┌──

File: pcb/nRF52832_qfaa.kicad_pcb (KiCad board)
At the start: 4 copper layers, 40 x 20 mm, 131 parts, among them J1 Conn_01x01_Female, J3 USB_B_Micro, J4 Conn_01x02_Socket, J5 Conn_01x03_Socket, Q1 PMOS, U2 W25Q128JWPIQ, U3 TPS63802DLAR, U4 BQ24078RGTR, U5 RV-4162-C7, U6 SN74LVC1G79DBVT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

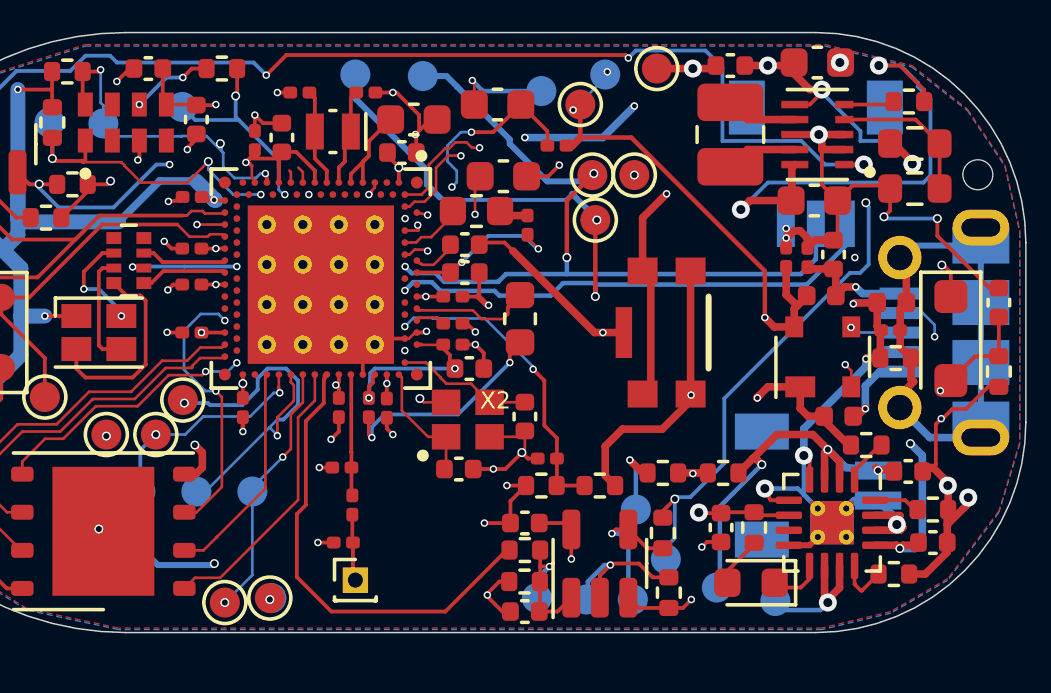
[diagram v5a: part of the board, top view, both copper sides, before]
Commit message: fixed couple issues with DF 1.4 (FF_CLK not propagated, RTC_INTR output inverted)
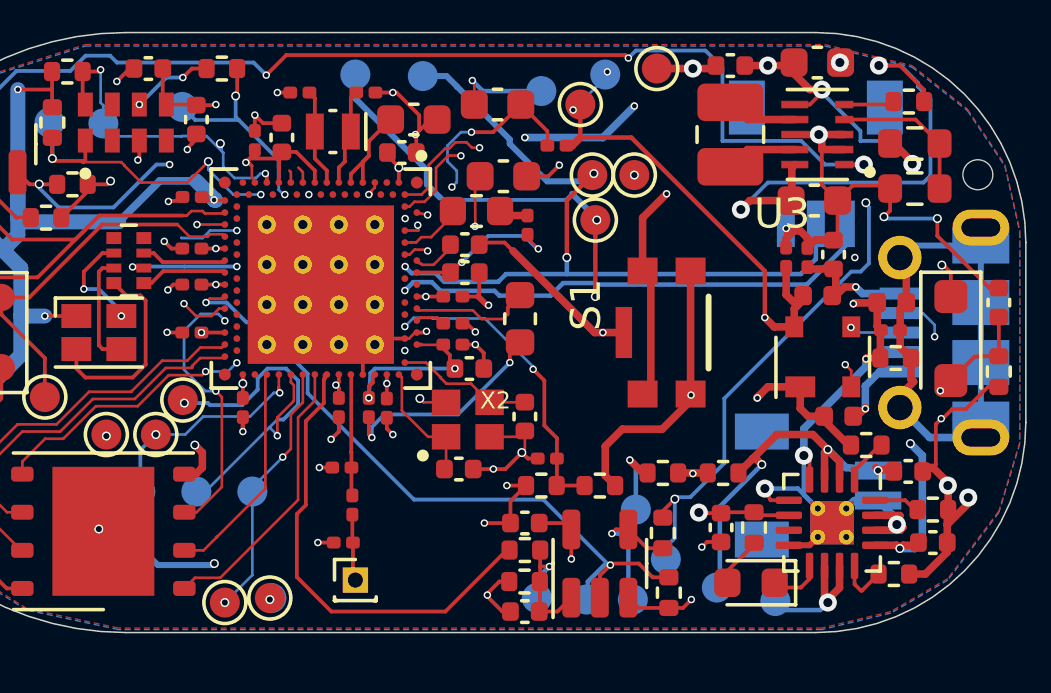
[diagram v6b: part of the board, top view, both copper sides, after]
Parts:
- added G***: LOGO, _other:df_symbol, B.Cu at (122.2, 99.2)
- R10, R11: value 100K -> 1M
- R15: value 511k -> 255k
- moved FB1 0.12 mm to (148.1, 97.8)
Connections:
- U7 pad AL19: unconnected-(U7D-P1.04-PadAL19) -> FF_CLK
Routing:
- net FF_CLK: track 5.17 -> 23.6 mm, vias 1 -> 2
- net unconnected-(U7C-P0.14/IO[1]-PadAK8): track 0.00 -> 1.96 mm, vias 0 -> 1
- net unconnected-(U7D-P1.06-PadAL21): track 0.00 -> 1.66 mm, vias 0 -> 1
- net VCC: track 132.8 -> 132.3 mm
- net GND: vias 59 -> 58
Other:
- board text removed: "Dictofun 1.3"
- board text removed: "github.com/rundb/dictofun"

└──

Task to carry out
Find the lines of the listing that contain the string "sides" and give how many there are, with no other words.

Answer for this exercise
2